-- Opening Marker --

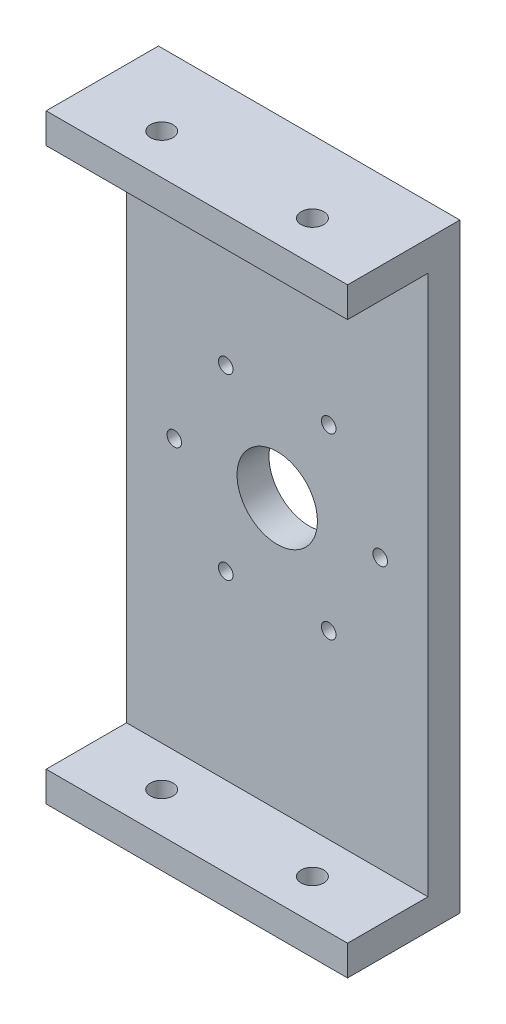
ISO-10303-21;
HEADER;
FILE_DESCRIPTION(('STEP AP214'),'2;1');
FILE_NAME('part.step','',(''),(''),'','','');
FILE_SCHEMA(('AUTOMOTIVE_DESIGN { 1 0 10303 214 1 1 1 1 }'));
ENDSEC;
DATA;
#1=APPLICATION_CONTEXT('core data for automotive mechanical design processes');
#2=APPLICATION_PROTOCOL_DEFINITION('international standard','automotive_design',2000,#1);
#3=PRODUCT_CONTEXT('',#1,'mechanical');
#4=PRODUCT('Part','Part','',(#3));
#5=PRODUCT_RELATED_PRODUCT_CATEGORY('part','',(#4));
#6=PRODUCT_DEFINITION_FORMATION('','',#4);
#7=PRODUCT_DEFINITION_CONTEXT('part definition',#1,'design');
#8=PRODUCT_DEFINITION('design','',#6,#7);
#9=PRODUCT_DEFINITION_SHAPE('','',#8);
#10=(LENGTH_UNIT() NAMED_UNIT(*) SI_UNIT(.MILLI.,.METRE.));
#11=(NAMED_UNIT(*) PLANE_ANGLE_UNIT() SI_UNIT($,.RADIAN.));
#12=(NAMED_UNIT(*) SI_UNIT($,.STERADIAN.) SOLID_ANGLE_UNIT());
#13=UNCERTAINTY_MEASURE_WITH_UNIT(LENGTH_MEASURE(1.E-05),#10,'distance_accuracy_value','');
#14=(GEOMETRIC_REPRESENTATION_CONTEXT(3) GLOBAL_UNCERTAINTY_ASSIGNED_CONTEXT((#13)) GLOBAL_UNIT_ASSIGNED_CONTEXT((#10,
#11,#12)) REPRESENTATION_CONTEXT('',''));
#15=CARTESIAN_POINT('',(0.,0.,0.));
#16=DIRECTION('',(0.,0.,1.));
#17=DIRECTION('',(1.,0.,0.));
#18=AXIS2_PLACEMENT_3D('',#15,#16,#17);
#19=CARTESIAN_POINT('',(0.,0.,379.));
#20=DIRECTION('',(0.,0.,-1.));
#21=DIRECTION('',(-1.,0.,0.));
#22=AXIS2_PLACEMENT_3D('',#19,#20,#21);
#23=PLANE('',#22);
#24=CARTESIAN_POINT('',(20.5,0.,379.));
#25=DIRECTION('',(0.,0.,1.));
#26=DIRECTION('',(1.,0.,0.));
#27=AXIS2_PLACEMENT_3D('',#24,#25,#26);
#28=CIRCLE('',#27,1.45);
#29=CARTESIAN_POINT('',(21.95,0.,379.));
#30=VERTEX_POINT('',#29);
#31=EDGE_CURVE('E159',#30,#30,#28,.T.);
#32=ORIENTED_EDGE('',*,*,#31,.F.);
#33=EDGE_LOOP('',(#32));
#34=FACE_BOUND('',#33,.T.);
#35=CARTESIAN_POINT('',(10.25,-17.753520777581,379.));
#36=DIRECTION('',(0.,0.,1.));
#37=DIRECTION('',(1.,0.,0.));
#38=AXIS2_PLACEMENT_3D('',#35,#36,#37);
#39=CIRCLE('',#38,1.45);
#40=CARTESIAN_POINT('',(11.7,-17.753520777581,379.));
#41=VERTEX_POINT('',#40);
#42=EDGE_CURVE('E137',#41,#41,#39,.T.);
#43=ORIENTED_EDGE('',*,*,#42,.F.);
#44=EDGE_LOOP('',(#43));
#45=FACE_BOUND('',#44,.T.);
#46=CARTESIAN_POINT('',(-10.25,-17.753520777581,379.));
#47=DIRECTION('',(0.,0.,1.));
#48=DIRECTION('',(1.,0.,0.));
#49=AXIS2_PLACEMENT_3D('',#46,#47,#48);
#50=CIRCLE('',#49,1.45);
#51=CARTESIAN_POINT('',(-8.80000000000001,-17.753520777581,379.));
#52=VERTEX_POINT('',#51);
#53=EDGE_CURVE('E166',#52,#52,#50,.T.);
#54=ORIENTED_EDGE('',*,*,#53,.F.);
#55=EDGE_LOOP('',(#54));
#56=FACE_BOUND('',#55,.T.);
#57=CARTESIAN_POINT('',(-20.5,0.,379.));
#58=DIRECTION('',(0.,0.,1.));
#59=DIRECTION('',(1.,0.,0.));
#60=AXIS2_PLACEMENT_3D('',#57,#58,#59);
#61=CIRCLE('',#60,1.45);
#62=CARTESIAN_POINT('',(-19.05,0.,379.));
#63=VERTEX_POINT('',#62);
#64=EDGE_CURVE('E184',#63,#63,#61,.T.);
#65=ORIENTED_EDGE('',*,*,#64,.F.);
#66=EDGE_LOOP('',(#65));
#67=FACE_BOUND('',#66,.T.);
#68=CARTESIAN_POINT('',(-10.25,17.753520777581,379.));
#69=DIRECTION('',(0.,0.,1.));
#70=DIRECTION('',(1.,0.,0.));
#71=AXIS2_PLACEMENT_3D('',#68,#69,#70);
#72=CIRCLE('',#71,1.45);
#73=CARTESIAN_POINT('',(-8.8,17.753520777581,379.));
#74=VERTEX_POINT('',#73);
#75=EDGE_CURVE('E177',#74,#74,#72,.T.);
#76=ORIENTED_EDGE('',*,*,#75,.F.);
#77=EDGE_LOOP('',(#76));
#78=FACE_BOUND('',#77,.T.);
#79=CARTESIAN_POINT('',(10.25,17.753520777581,379.));
#80=DIRECTION('',(0.,0.,1.));
#81=DIRECTION('',(1.,0.,0.));
#82=AXIS2_PLACEMENT_3D('',#79,#80,#81);
#83=CIRCLE('',#82,1.45);
#84=CARTESIAN_POINT('',(11.7,17.753520777581,379.));
#85=VERTEX_POINT('',#84);
#86=EDGE_CURVE('E173',#85,#85,#83,.T.);
#87=ORIENTED_EDGE('',*,*,#86,.F.);
#88=EDGE_LOOP('',(#87));
#89=FACE_BOUND('',#88,.T.);
#90=CARTESIAN_POINT('',(0.,0.,379.));
#91=DIRECTION('',(0.,0.,1.));
#92=DIRECTION('',(1.,0.,0.));
#93=AXIS2_PLACEMENT_3D('',#90,#91,#92);
#94=CIRCLE('',#93,8.);
#95=CARTESIAN_POINT('',(8.,0.,379.));
#96=VERTEX_POINT('',#95);
#97=EDGE_CURVE('E195',#96,#96,#94,.T.);
#98=ORIENTED_EDGE('',*,*,#97,.F.);
#99=EDGE_LOOP('',(#98));
#100=FACE_BOUND('',#99,.T.);
#101=DIRECTION('',(1.,0.,0.));
#102=VECTOR('',#101,1.);
#103=CARTESIAN_POINT('',(-30.,53.75,379.));
#104=LINE('',#103,#102);
#105=CARTESIAN_POINT('',(-30.,53.75,379.));
#106=VERTEX_POINT('',#105);
#107=CARTESIAN_POINT('',(30.,53.75,379.));
#108=VERTEX_POINT('',#107);
#109=EDGE_CURVE('E57',#106,#108,#104,.T.);
#110=ORIENTED_EDGE('',*,*,#109,.F.);
#111=DIRECTION('',(0.,-1.,0.));
#112=VECTOR('',#111,1.);
#113=CARTESIAN_POINT('',(-30.,-59.75,379.));
#114=LINE('',#113,#112);
#115=CARTESIAN_POINT('',(-30.,-53.75,379.));
#116=VERTEX_POINT('',#115);
#117=EDGE_CURVE('E199',#106,#116,#114,.T.);
#118=ORIENTED_EDGE('',*,*,#117,.T.);
#119=DIRECTION('',(-1.,0.,0.));
#120=VECTOR('',#119,1.);
#121=CARTESIAN_POINT('',(-30.,-53.75,379.));
#122=LINE('',#121,#120);
#123=CARTESIAN_POINT('',(30.,-53.75,379.));
#124=VERTEX_POINT('',#123);
#125=EDGE_CURVE('E64',#124,#116,#122,.T.);
#126=ORIENTED_EDGE('',*,*,#125,.F.);
#127=DIRECTION('',(0.,1.,0.));
#128=VECTOR('',#127,1.);
#129=CARTESIAN_POINT('',(30.,-59.75,379.));
#130=LINE('',#129,#128);
#131=EDGE_CURVE('E197',#124,#108,#130,.T.);
#132=ORIENTED_EDGE('',*,*,#131,.T.);
#133=EDGE_LOOP('',(#110,#118,#126,#132));
#134=FACE_BOUND('',#133,.T.);
#135=ADVANCED_FACE('F39',(#34,#45,#56,#67,#78,#89,#100,#134),#23,.F.);
#136=CARTESIAN_POINT('',(30.,-59.75,379.));
#137=DIRECTION('',(-1.,0.,0.));
#138=DIRECTION('',(0.,0.,1.));
#139=AXIS2_PLACEMENT_3D('',#136,#137,#138);
#140=PLANE('',#139);
#141=DIRECTION('',(0.,1.,0.));
#142=VECTOR('',#141,1.);
#143=CARTESIAN_POINT('',(30.,-59.75,372.65));
#144=LINE('',#143,#142);
#145=CARTESIAN_POINT('',(30.,-59.75,372.65));
#146=VERTEX_POINT('',#145);
#147=CARTESIAN_POINT('',(30.,59.75,372.65));
#148=VERTEX_POINT('',#147);
#149=EDGE_CURVE('E111',#146,#148,#144,.T.);
#150=ORIENTED_EDGE('',*,*,#149,.T.);
#151=DIRECTION('',(0.,0.,-1.));
#152=VECTOR('',#151,1.);
#153=CARTESIAN_POINT('',(30.,59.75,379.));
#154=LINE('',#153,#152);
#155=CARTESIAN_POINT('',(30.,59.75,395.));
#156=VERTEX_POINT('',#155);
#157=EDGE_CURVE('E11',#156,#148,#154,.T.);
#158=ORIENTED_EDGE('',*,*,#157,.F.);
#159=DIRECTION('',(0.,1.,0.));
#160=VECTOR('',#159,1.);
#161=CARTESIAN_POINT('',(30.,53.75,395.));
#162=LINE('',#161,#160);
#163=CARTESIAN_POINT('',(30.,53.75,395.));
#164=VERTEX_POINT('',#163);
#165=EDGE_CURVE('E108',#164,#156,#162,.T.);
#166=ORIENTED_EDGE('',*,*,#165,.F.);
#167=DIRECTION('',(0.,0.,-1.));
#168=VECTOR('',#167,1.);
#169=CARTESIAN_POINT('',(30.,53.75,395.));
#170=LINE('',#169,#168);
#171=EDGE_CURVE('E135',#164,#108,#170,.T.);
#172=ORIENTED_EDGE('',*,*,#171,.T.);
#173=ORIENTED_EDGE('',*,*,#131,.F.);
#174=DIRECTION('',(0.,0.,-1.));
#175=VECTOR('',#174,1.);
#176=CARTESIAN_POINT('',(30.,-53.75,395.));
#177=LINE('',#176,#175);
#178=CARTESIAN_POINT('',(30.,-53.75,395.));
#179=VERTEX_POINT('',#178);
#180=EDGE_CURVE('E140',#179,#124,#177,.T.);
#181=ORIENTED_EDGE('',*,*,#180,.F.);
#182=DIRECTION('',(0.,1.,0.));
#183=VECTOR('',#182,1.);
#184=CARTESIAN_POINT('',(30.,-59.75,395.));
#185=LINE('',#184,#183);
#186=CARTESIAN_POINT('',(30.,-59.75,395.));
#187=VERTEX_POINT('',#186);
#188=EDGE_CURVE('E146',#187,#179,#185,.T.);
#189=ORIENTED_EDGE('',*,*,#188,.F.);
#190=DIRECTION('',(0.,0.,-1.));
#191=VECTOR('',#190,1.);
#192=CARTESIAN_POINT('',(30.,-59.75,379.));
#193=LINE('',#192,#191);
#194=EDGE_CURVE('E202',#187,#146,#193,.T.);
#195=ORIENTED_EDGE('',*,*,#194,.T.);
#196=EDGE_LOOP('',(#150,#158,#166,#172,#173,#181,#189,#195));
#197=FACE_BOUND('',#196,.T.);
#198=ADVANCED_FACE('F41',(#197),#140,.F.);
#199=CARTESIAN_POINT('',(-30.,59.75,379.));
#200=DIRECTION('',(0.,-1.,0.));
#201=DIRECTION('',(0.,0.,-1.));
#202=AXIS2_PLACEMENT_3D('',#199,#200,#201);
#203=PLANE('',#202);
#204=CARTESIAN_POINT('',(-15.,59.75,387.));
#205=DIRECTION('',(0.,1.,0.));
#206=DIRECTION('',(0.,0.,1.));
#207=AXIS2_PLACEMENT_3D('',#204,#205,#206);
#208=CIRCLE('',#207,2.25);
#209=CARTESIAN_POINT('',(-15.,59.75,389.25));
#210=VERTEX_POINT('',#209);
#211=EDGE_CURVE('E220',#210,#210,#208,.T.);
#212=ORIENTED_EDGE('',*,*,#211,.F.);
#213=EDGE_LOOP('',(#212));
#214=FACE_BOUND('',#213,.T.);
#215=CARTESIAN_POINT('',(15.,59.75,387.));
#216=DIRECTION('',(0.,1.,0.));
#217=DIRECTION('',(0.,0.,1.));
#218=AXIS2_PLACEMENT_3D('',#215,#216,#217);
#219=CIRCLE('',#218,2.25);
#220=CARTESIAN_POINT('',(15.,59.75,389.25));
#221=VERTEX_POINT('',#220);
#222=EDGE_CURVE('E235',#221,#221,#219,.T.);
#223=ORIENTED_EDGE('',*,*,#222,.F.);
#224=EDGE_LOOP('',(#223));
#225=FACE_BOUND('',#224,.T.);
#226=DIRECTION('',(-1.,0.,0.));
#227=VECTOR('',#226,1.);
#228=CARTESIAN_POINT('',(-30.,59.75,372.65));
#229=LINE('',#228,#227);
#230=CARTESIAN_POINT('',(-30.,59.75,372.65));
#231=VERTEX_POINT('',#230);
#232=EDGE_CURVE('E201',#148,#231,#229,.T.);
#233=ORIENTED_EDGE('',*,*,#232,.T.);
#234=DIRECTION('',(0.,0.,-1.));
#235=VECTOR('',#234,1.);
#236=CARTESIAN_POINT('',(-30.,59.75,379.));
#237=LINE('',#236,#235);
#238=CARTESIAN_POINT('',(-30.,59.75,395.));
#239=VERTEX_POINT('',#238);
#240=EDGE_CURVE('E48',#239,#231,#237,.T.);
#241=ORIENTED_EDGE('',*,*,#240,.F.);
#242=DIRECTION('',(-1.,0.,0.));
#243=VECTOR('',#242,1.);
#244=CARTESIAN_POINT('',(-30.,59.75,395.));
#245=LINE('',#244,#243);
#246=EDGE_CURVE('E112',#156,#239,#245,.T.);
#247=ORIENTED_EDGE('',*,*,#246,.F.);
#248=ORIENTED_EDGE('',*,*,#157,.T.);
#249=EDGE_LOOP('',(#233,#241,#247,#248));
#250=FACE_BOUND('',#249,.T.);
#251=ADVANCED_FACE('F114',(#214,#225,#250),#203,.F.);
#252=CARTESIAN_POINT('',(-30.,-59.75,379.));
#253=DIRECTION('',(1.,0.,0.));
#254=DIRECTION('',(0.,0.,-1.));
#255=AXIS2_PLACEMENT_3D('',#252,#253,#254);
#256=PLANE('',#255);
#257=DIRECTION('',(0.,-1.,0.));
#258=VECTOR('',#257,1.);
#259=CARTESIAN_POINT('',(-30.,-59.75,372.65));
#260=LINE('',#259,#258);
#261=CARTESIAN_POINT('',(-30.,-59.75,372.65));
#262=VERTEX_POINT('',#261);
#263=EDGE_CURVE('E210',#231,#262,#260,.T.);
#264=ORIENTED_EDGE('',*,*,#263,.T.);
#265=DIRECTION('',(0.,0.,-1.));
#266=VECTOR('',#265,1.);
#267=CARTESIAN_POINT('',(-30.,-59.75,379.));
#268=LINE('',#267,#266);
#269=CARTESIAN_POINT('',(-30.,-59.75,395.));
#270=VERTEX_POINT('',#269);
#271=EDGE_CURVE('E214',#270,#262,#268,.T.);
#272=ORIENTED_EDGE('',*,*,#271,.F.);
#273=DIRECTION('',(0.,-1.,0.));
#274=VECTOR('',#273,1.);
#275=CARTESIAN_POINT('',(-30.,-59.75,395.));
#276=LINE('',#275,#274);
#277=CARTESIAN_POINT('',(-30.,-53.75,395.));
#278=VERTEX_POINT('',#277);
#279=EDGE_CURVE('E147',#278,#270,#276,.T.);
#280=ORIENTED_EDGE('',*,*,#279,.F.);
#281=DIRECTION('',(0.,0.,-1.));
#282=VECTOR('',#281,1.);
#283=CARTESIAN_POINT('',(-30.,-53.75,395.));
#284=LINE('',#283,#282);
#285=EDGE_CURVE('E145',#278,#116,#284,.T.);
#286=ORIENTED_EDGE('',*,*,#285,.T.);
#287=ORIENTED_EDGE('',*,*,#117,.F.);
#288=DIRECTION('',(0.,0.,-1.));
#289=VECTOR('',#288,1.);
#290=CARTESIAN_POINT('',(-30.,53.75,395.));
#291=LINE('',#290,#289);
#292=CARTESIAN_POINT('',(-30.,53.75,395.));
#293=VERTEX_POINT('',#292);
#294=EDGE_CURVE('E134',#293,#106,#291,.T.);
#295=ORIENTED_EDGE('',*,*,#294,.F.);
#296=DIRECTION('',(0.,-1.,0.));
#297=VECTOR('',#296,1.);
#298=CARTESIAN_POINT('',(-30.,53.75,395.));
#299=LINE('',#298,#297);
#300=EDGE_CURVE('E118',#239,#293,#299,.T.);
#301=ORIENTED_EDGE('',*,*,#300,.F.);
#302=ORIENTED_EDGE('',*,*,#240,.T.);
#303=EDGE_LOOP('',(#264,#272,#280,#286,#287,#295,#301,#302));
#304=FACE_BOUND('',#303,.T.);
#305=ADVANCED_FACE('F237',(#304),#256,.F.);
#306=CARTESIAN_POINT('',(-30.,-59.75,379.));
#307=DIRECTION('',(0.,1.,0.));
#308=DIRECTION('',(0.,0.,1.));
#309=AXIS2_PLACEMENT_3D('',#306,#307,#308);
#310=PLANE('',#309);
#311=CARTESIAN_POINT('',(-15.,-59.75,387.));
#312=DIRECTION('',(0.,1.,0.));
#313=DIRECTION('',(0.,0.,1.));
#314=AXIS2_PLACEMENT_3D('',#311,#312,#313);
#315=CIRCLE('',#314,2.25);
#316=CARTESIAN_POINT('',(-15.,-59.75,389.25));
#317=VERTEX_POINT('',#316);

-- Closing Marker --

● **EXERCISE DIRECTIONS**:
Retype exactly the span of lines from the one with "#245=LINE('',#244,#243);" through the one with "#289=VECTOR('',#288,1.);"; include both ends and omit the rest of the material.

● **SOLUTION BELOW**:
#245=LINE('',#244,#243);
#246=EDGE_CURVE('E112',#156,#239,#245,.T.);
#247=ORIENTED_EDGE('',*,*,#246,.F.);
#248=ORIENTED_EDGE('',*,*,#157,.T.);
#249=EDGE_LOOP('',(#233,#241,#247,#248));
#250=FACE_BOUND('',#249,.T.);
#251=ADVANCED_FACE('F114',(#214,#225,#250),#203,.F.);
#252=CARTESIAN_POINT('',(-30.,-59.75,379.));
#253=DIRECTION('',(1.,0.,0.));
#254=DIRECTION('',(0.,0.,-1.));
#255=AXIS2_PLACEMENT_3D('',#252,#253,#254);
#256=PLANE('',#255);
#257=DIRECTION('',(0.,-1.,0.));
#258=VECTOR('',#257,1.);
#259=CARTESIAN_POINT('',(-30.,-59.75,372.65));
#260=LINE('',#259,#258);
#261=CARTESIAN_POINT('',(-30.,-59.75,372.65));
#262=VERTEX_POINT('',#261);
#263=EDGE_CURVE('E210',#231,#262,#260,.T.);
#264=ORIENTED_EDGE('',*,*,#263,.T.);
#265=DIRECTION('',(0.,0.,-1.));
#266=VECTOR('',#265,1.);
#267=CARTESIAN_POINT('',(-30.,-59.75,379.));
#268=LINE('',#267,#266);
#269=CARTESIAN_POINT('',(-30.,-59.75,395.));
#270=VERTEX_POINT('',#269);
#271=EDGE_CURVE('E214',#270,#262,#268,.T.);
#272=ORIENTED_EDGE('',*,*,#271,.F.);
#273=DIRECTION('',(0.,-1.,0.));
#274=VECTOR('',#273,1.);
#275=CARTESIAN_POINT('',(-30.,-59.75,395.));
#276=LINE('',#275,#274);
#277=CARTESIAN_POINT('',(-30.,-53.75,395.));
#278=VERTEX_POINT('',#277);
#279=EDGE_CURVE('E147',#278,#270,#276,.T.);
#280=ORIENTED_EDGE('',*,*,#279,.F.);
#281=DIRECTION('',(0.,0.,-1.));
#282=VECTOR('',#281,1.);
#283=CARTESIAN_POINT('',(-30.,-53.75,395.));
#284=LINE('',#283,#282);
#285=EDGE_CURVE('E145',#278,#116,#284,.T.);
#286=ORIENTED_EDGE('',*,*,#285,.T.);
#287=ORIENTED_EDGE('',*,*,#117,.F.);
#288=DIRECTION('',(0.,0.,-1.));
#289=VECTOR('',#288,1.);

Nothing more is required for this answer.